An essential component of bacterial quorum sensing is the LuxS enzyme that catalyzes the synthesis of the precursor autoinducer-2(AI-2) [19]. A universal signal molecule, it's a homodimeric protein with an unusual fold based upon an eight-stranded beta barrel, as determined by the crystal structure of LuxS [19,20]. It can be used not only by Gram-positive bacteria but also by Gramnegative bacteria in interspecies communication [21]. The His54, His58, and Cys126 are conserved residues that coordinate the presence of a zinc ion at each active site [19]. Through a sequence of isomerization and elimination events, LuxS catalyzes the cleavage of S-ribosyl homocysteine, with the metal ion functioning as a Lewis acid [22]. Since the structure and function of the enzyme are extensively preserved among bacterial species, it has been considered a potential good target for the creation of antibiotics [19,23].

Two examples of such applications include the fusion and testing of p-coumaroyl homoserine lactone and N-3-oxo oct – 7 – enoyl – L – homoserine lactone for quorum-sensing activity of Vibrio fischeri [24].

Quorum Sensing in Gram-positive Bacteria: Gram positive bacteria comprise a group of bacteria that have thick peptidoglycans; their peptidoglycan retains the crystal violet stain when the bacterium is stained [25]. To showcase proteins on the surface of the cell wall, gram positive bacteria have developed a number of ways, from lipoproteins, LPTXG- like proteins, transmembrane and cell-wall binding proteins [26].

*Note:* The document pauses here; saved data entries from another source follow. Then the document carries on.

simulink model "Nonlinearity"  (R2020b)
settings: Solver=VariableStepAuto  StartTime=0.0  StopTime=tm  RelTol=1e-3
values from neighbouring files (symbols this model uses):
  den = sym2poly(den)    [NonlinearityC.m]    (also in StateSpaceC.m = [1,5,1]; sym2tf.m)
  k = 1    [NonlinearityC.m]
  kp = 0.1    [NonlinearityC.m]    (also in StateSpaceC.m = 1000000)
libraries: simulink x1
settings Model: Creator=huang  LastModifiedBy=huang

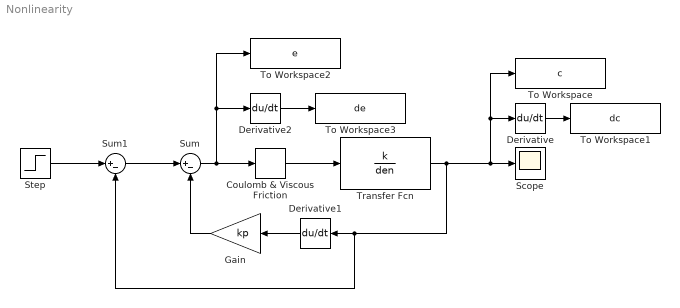
== system Nonlinearity ==
  Coulomb & Viscous Friction : simulink/Discontinuities/Coulomb & Viscous Friction  offset=5.1  gain=0
  Derivative : Derivative
  Derivative1 : Derivative
  Derivative2 : Derivative
  Gain : Gain  Gain=kp
  Scope : Scope
  Step : Step  Time=0  After=0.5  SampleTime=0
  Sum : Sum  Inputs=|+-
  Sum1 : Sum  Inputs=|+-
  To Workspace : ToWorkspace  VariableName=c  SampleTime=-1
      settings: Save2DSignal=2-D array (concatenate along first dimension)
  To Workspace1 : ToWorkspace  VariableName=dc  SampleTime=-1
      settings: Save2DSignal=2-D array (concatenate along first dimension)
  To Workspace2 : ToWorkspace  VariableName=e  SampleTime=-1
      settings: Save2DSignal=2-D array (concatenate along first dimension)
  To Workspace3 : ToWorkspace  VariableName=de  SampleTime=-1
      settings: Save2DSignal=2-D array (concatenate along first dimension)
  Transfer Fcn : TransferFcn  Numerator=k  Denominator=den
  wires:
  Coulomb & Viscous Friction/1 -> Transfer Fcn/1
  Transfer Fcn/1 -> Sum1/2, Derivative1/1, To Workspace/1, Derivative/1, Scope/1
  Derivative/1 -> To Workspace1/1
  Sum1/1 -> Sum/1
  Step/1 -> Sum1/1
  Derivative1/1 -> Gain/1
  Gain/1 -> Sum/2
  Derivative2/1 -> To Workspace3/1
  Sum/1 -> Coulomb & Viscous Friction/1, Derivative2/1, To Workspace2/1

QS, in gram positive bacteria is a cell density dependent process that regulates several physiological processes for instance, the biosynthesis of virulence factors and the production of biofilms [27]. The QS circuit generally includes inducers such as peptide pheromones that work as signaling molecules; a receptor protein that activates the target genes on binding; and two-component signaltransduction systems [27]. These peptide signals are called autoinducing peptides or AIPs. They are processed post-translationally and are released using ATP-binding-cassette exporters. After secretion, these peptides are either taken back by oligopeptide transport systems or sensed by two-component systems on the bacterial surface [28]. Internalized peptides have interactions with cognate regulators [28].

The use of these systems relies on a peptide signal that induces celldensity dependent expression of genes [29,30]. AIPs accumulate in the extracellular space as the populations of the bacteria increase until the maximum concentration levels are achieved as shown in Figure 1 [8]. Membrane-bound histidine kinases are components of twocomponent signal-transduction systems that later sense these peptide signals [31]. Upon binding AIP, the sensor kinase phosphorylates its corresponding response regulator, activates it, and brings about alterations in gene expression [29].